*GIVEN ENTRIES*.
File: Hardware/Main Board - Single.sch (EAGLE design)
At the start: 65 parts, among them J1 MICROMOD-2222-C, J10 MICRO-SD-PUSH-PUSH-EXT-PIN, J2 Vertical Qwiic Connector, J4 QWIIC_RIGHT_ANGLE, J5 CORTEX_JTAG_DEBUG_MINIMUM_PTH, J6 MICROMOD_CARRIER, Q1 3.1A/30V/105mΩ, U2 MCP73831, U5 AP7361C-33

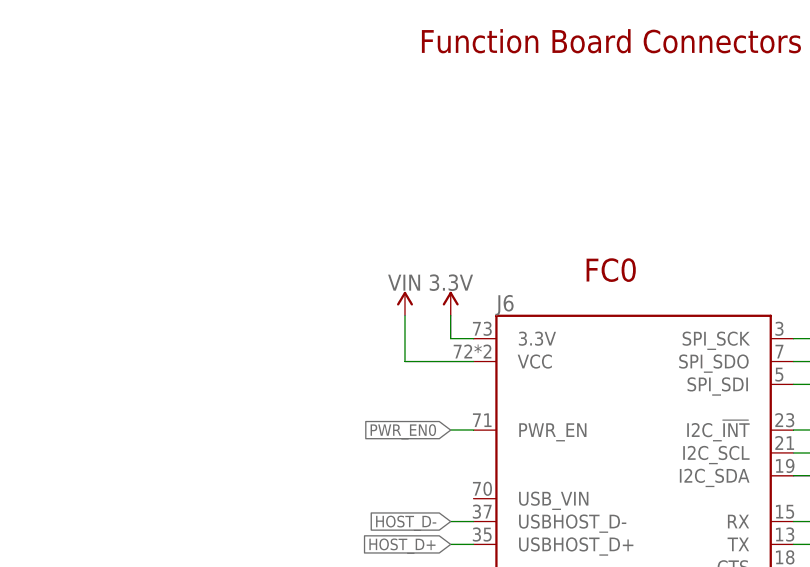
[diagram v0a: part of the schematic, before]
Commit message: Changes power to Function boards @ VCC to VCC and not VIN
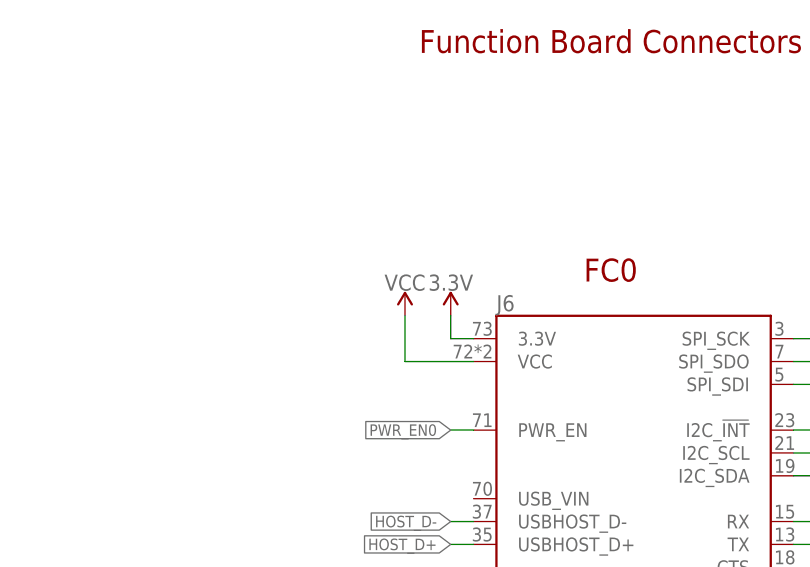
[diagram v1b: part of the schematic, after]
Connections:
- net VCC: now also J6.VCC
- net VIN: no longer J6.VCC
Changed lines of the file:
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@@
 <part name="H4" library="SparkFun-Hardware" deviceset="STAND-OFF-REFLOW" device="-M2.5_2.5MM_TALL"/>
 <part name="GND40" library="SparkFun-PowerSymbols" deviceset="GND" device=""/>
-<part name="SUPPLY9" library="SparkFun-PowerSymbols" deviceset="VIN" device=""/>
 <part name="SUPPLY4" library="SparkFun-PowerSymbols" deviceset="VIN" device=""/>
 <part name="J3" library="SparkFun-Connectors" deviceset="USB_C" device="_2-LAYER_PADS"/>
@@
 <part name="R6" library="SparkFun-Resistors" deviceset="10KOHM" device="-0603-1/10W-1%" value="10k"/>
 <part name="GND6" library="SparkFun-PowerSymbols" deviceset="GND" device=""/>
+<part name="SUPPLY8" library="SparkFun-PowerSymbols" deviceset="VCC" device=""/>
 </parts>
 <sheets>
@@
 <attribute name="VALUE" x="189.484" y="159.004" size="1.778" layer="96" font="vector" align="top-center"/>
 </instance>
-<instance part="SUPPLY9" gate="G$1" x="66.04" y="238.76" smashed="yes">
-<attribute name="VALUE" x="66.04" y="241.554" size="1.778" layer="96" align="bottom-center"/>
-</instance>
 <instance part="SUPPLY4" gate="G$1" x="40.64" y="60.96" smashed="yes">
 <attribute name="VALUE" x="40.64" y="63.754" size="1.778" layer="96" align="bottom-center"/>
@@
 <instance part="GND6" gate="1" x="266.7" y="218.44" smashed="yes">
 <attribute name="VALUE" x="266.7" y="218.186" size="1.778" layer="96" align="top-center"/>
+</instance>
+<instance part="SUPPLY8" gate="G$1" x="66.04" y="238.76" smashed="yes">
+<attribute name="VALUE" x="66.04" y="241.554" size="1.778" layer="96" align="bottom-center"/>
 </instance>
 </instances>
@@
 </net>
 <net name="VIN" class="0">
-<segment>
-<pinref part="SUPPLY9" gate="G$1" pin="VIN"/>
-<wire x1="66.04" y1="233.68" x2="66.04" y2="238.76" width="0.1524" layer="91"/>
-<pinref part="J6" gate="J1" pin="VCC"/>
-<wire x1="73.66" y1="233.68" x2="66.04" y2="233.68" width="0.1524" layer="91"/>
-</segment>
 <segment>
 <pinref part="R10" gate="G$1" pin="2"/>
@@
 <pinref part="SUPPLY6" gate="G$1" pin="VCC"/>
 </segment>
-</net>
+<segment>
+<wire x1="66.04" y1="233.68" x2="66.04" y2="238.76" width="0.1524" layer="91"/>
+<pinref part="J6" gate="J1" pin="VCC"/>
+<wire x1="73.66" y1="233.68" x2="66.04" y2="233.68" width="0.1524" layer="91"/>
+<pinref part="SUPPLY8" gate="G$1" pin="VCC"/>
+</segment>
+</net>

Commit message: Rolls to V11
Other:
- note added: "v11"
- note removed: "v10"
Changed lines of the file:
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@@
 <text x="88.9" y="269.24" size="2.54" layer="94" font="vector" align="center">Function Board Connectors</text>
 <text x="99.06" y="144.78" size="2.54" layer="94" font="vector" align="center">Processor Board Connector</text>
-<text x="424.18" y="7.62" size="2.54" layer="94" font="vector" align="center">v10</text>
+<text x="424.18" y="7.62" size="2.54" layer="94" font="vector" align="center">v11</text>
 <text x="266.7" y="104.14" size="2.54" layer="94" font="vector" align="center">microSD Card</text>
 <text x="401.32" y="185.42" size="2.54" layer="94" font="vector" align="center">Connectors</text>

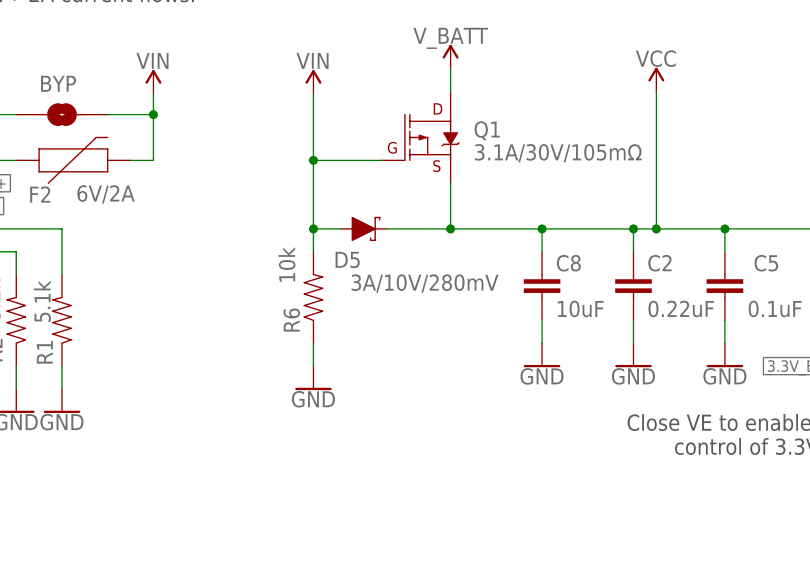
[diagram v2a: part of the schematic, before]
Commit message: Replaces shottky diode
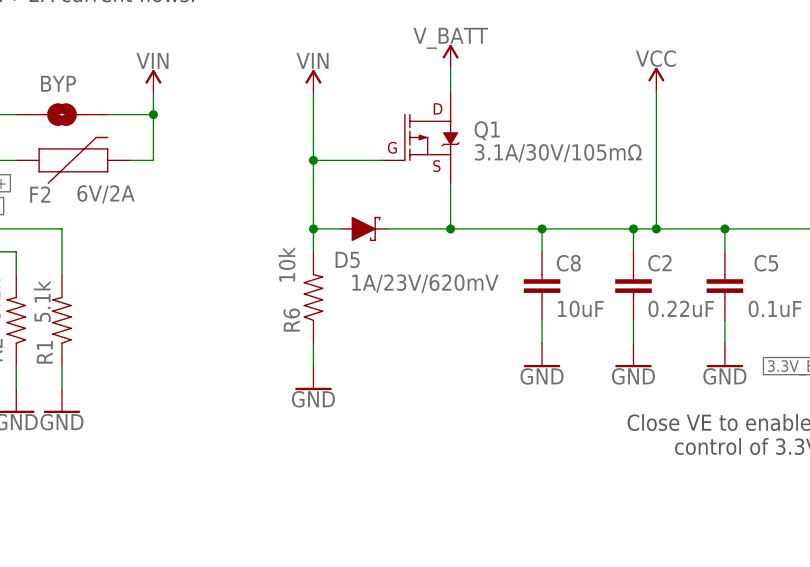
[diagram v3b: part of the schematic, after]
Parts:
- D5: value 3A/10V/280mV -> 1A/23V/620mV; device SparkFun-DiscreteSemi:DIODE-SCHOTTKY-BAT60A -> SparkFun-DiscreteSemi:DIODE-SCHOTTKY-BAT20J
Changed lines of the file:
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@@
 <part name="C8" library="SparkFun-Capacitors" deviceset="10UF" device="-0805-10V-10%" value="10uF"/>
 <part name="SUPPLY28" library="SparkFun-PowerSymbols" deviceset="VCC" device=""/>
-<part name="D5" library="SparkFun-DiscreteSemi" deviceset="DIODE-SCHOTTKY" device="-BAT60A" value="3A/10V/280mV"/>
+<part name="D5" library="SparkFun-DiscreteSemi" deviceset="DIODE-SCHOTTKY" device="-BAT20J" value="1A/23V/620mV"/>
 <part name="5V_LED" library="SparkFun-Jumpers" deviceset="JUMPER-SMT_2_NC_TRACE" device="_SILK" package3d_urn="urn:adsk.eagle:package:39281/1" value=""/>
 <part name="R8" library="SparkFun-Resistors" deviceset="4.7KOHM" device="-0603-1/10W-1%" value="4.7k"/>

*TASK TO CARRY OUT*. Copy out each line of the data containing the string "diagram".

*FINISHED EXERCISE*.
[diagram v0a: part of the schematic, before]
[diagram v1b: part of the schematic, after]
[diagram v2a: part of the schematic, before]
[diagram v3b: part of the schematic, after]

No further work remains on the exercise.